Problem to solve:
Scan the material below and copy every line holding the word "lockcomponents".

The data:
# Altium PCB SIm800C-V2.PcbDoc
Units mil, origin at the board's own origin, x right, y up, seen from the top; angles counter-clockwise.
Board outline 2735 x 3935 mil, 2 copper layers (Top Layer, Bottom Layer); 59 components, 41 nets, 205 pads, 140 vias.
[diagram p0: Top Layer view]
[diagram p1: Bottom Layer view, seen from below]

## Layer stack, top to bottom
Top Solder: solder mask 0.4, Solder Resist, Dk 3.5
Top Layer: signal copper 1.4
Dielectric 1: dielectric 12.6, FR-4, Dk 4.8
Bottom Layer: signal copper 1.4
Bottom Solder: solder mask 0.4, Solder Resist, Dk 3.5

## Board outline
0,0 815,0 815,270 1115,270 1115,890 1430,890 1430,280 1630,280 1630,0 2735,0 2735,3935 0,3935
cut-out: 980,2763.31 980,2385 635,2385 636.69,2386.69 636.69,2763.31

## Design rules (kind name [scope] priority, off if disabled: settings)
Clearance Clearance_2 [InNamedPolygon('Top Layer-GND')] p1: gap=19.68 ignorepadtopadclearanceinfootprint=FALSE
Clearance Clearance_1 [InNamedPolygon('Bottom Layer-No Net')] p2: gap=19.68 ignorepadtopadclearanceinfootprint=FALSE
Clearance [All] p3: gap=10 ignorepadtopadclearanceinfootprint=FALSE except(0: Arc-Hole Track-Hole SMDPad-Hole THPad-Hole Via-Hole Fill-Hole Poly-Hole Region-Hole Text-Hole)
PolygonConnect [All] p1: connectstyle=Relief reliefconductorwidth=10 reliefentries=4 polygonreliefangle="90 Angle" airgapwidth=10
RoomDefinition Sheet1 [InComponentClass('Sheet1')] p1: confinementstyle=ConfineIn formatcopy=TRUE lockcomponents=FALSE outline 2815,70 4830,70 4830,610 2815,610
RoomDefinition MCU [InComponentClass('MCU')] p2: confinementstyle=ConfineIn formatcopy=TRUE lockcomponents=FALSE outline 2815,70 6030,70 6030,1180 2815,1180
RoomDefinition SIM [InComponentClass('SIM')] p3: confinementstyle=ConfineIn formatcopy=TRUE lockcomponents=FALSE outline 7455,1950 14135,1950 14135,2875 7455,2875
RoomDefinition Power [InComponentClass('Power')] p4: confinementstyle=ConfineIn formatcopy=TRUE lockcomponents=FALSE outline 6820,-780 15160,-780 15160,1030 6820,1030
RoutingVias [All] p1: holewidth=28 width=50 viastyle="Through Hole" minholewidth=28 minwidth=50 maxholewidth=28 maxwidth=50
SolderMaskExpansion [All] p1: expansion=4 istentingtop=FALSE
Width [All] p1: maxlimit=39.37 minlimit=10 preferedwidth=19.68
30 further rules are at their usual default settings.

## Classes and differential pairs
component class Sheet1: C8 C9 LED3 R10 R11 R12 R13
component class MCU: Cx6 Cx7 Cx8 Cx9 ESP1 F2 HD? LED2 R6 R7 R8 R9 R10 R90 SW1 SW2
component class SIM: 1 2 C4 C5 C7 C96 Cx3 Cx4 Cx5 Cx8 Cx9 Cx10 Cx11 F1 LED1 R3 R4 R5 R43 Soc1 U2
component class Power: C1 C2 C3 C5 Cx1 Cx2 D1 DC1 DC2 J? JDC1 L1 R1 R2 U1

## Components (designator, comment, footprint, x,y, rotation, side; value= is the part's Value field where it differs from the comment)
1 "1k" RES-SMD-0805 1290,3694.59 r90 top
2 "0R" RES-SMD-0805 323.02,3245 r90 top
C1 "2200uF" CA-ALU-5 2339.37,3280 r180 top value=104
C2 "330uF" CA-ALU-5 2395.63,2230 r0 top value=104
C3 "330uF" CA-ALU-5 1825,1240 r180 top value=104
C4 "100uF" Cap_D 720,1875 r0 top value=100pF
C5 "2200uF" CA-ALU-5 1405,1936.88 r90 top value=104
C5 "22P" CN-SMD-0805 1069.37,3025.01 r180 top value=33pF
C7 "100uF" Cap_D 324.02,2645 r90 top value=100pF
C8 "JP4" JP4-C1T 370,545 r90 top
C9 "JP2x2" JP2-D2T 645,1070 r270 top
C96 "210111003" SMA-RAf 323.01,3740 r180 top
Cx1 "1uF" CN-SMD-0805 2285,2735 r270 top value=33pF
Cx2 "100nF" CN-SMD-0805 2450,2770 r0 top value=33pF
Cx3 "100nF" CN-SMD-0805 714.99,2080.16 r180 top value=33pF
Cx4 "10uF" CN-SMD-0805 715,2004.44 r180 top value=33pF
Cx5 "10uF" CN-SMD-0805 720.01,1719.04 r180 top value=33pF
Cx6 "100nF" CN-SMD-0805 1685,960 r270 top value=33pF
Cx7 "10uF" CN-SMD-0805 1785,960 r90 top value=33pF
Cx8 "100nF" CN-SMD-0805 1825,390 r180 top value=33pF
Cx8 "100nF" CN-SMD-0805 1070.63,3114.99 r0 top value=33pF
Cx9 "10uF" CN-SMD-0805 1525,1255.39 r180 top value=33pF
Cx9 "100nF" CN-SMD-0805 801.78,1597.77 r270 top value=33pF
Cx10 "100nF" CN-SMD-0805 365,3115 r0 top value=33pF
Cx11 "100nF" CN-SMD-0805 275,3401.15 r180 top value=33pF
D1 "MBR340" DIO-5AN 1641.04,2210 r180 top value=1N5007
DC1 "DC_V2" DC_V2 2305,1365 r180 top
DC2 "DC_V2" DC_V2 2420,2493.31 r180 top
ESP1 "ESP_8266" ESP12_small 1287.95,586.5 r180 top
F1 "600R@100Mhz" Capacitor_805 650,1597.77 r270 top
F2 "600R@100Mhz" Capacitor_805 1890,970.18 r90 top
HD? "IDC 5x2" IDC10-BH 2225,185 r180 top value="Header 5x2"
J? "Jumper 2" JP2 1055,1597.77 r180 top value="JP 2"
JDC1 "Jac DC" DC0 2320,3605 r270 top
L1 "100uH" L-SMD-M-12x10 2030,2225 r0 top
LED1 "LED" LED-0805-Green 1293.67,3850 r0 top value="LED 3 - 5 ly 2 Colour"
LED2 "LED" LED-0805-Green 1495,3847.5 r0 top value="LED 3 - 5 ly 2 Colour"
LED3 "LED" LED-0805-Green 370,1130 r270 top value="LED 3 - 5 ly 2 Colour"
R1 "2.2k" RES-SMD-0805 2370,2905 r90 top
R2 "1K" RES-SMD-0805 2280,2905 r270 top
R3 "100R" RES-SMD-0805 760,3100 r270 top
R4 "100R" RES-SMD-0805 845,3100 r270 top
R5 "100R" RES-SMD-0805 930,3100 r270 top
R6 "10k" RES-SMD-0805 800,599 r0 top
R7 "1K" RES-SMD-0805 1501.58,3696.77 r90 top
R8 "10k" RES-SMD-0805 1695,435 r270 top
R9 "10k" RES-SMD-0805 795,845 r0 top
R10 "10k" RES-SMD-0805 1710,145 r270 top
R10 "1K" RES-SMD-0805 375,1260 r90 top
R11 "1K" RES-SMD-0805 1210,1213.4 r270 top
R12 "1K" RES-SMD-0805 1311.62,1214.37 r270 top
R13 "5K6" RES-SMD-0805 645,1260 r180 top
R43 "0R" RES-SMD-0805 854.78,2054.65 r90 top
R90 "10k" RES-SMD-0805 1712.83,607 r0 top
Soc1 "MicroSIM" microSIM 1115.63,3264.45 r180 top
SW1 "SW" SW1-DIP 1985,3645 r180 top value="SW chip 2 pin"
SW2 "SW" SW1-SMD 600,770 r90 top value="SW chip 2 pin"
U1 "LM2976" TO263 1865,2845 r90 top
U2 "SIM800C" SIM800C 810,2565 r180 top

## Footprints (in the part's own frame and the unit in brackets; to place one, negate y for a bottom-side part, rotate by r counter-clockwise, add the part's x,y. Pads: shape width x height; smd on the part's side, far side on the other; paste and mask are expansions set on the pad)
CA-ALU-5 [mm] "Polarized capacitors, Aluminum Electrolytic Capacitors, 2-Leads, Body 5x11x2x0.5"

Answer below:
RoomDefinition Sheet1 [InComponentClass('Sheet1')] p1: confinementstyle=ConfineIn formatcopy=TRUE lockcomponents=FALSE outline 2815,70 4830,70 4830,610 2815,610
RoomDefinition MCU [InComponentClass('MCU')] p2: confinementstyle=ConfineIn formatcopy=TRUE lockcomponents=FALSE outline 2815,70 6030,70 6030,1180 2815,1180
RoomDefinition SIM [InComponentClass('SIM')] p3: confinementstyle=ConfineIn formatcopy=TRUE lockcomponents=FALSE outline 7455,1950 14135,1950 14135,2875 7455,2875
RoomDefinition Power [InComponentClass('Power')] p4: confinementstyle=ConfineIn formatcopy=TRUE lockcomponents=FALSE outline 6820,-780 15160,-780 15160,1030 6820,1030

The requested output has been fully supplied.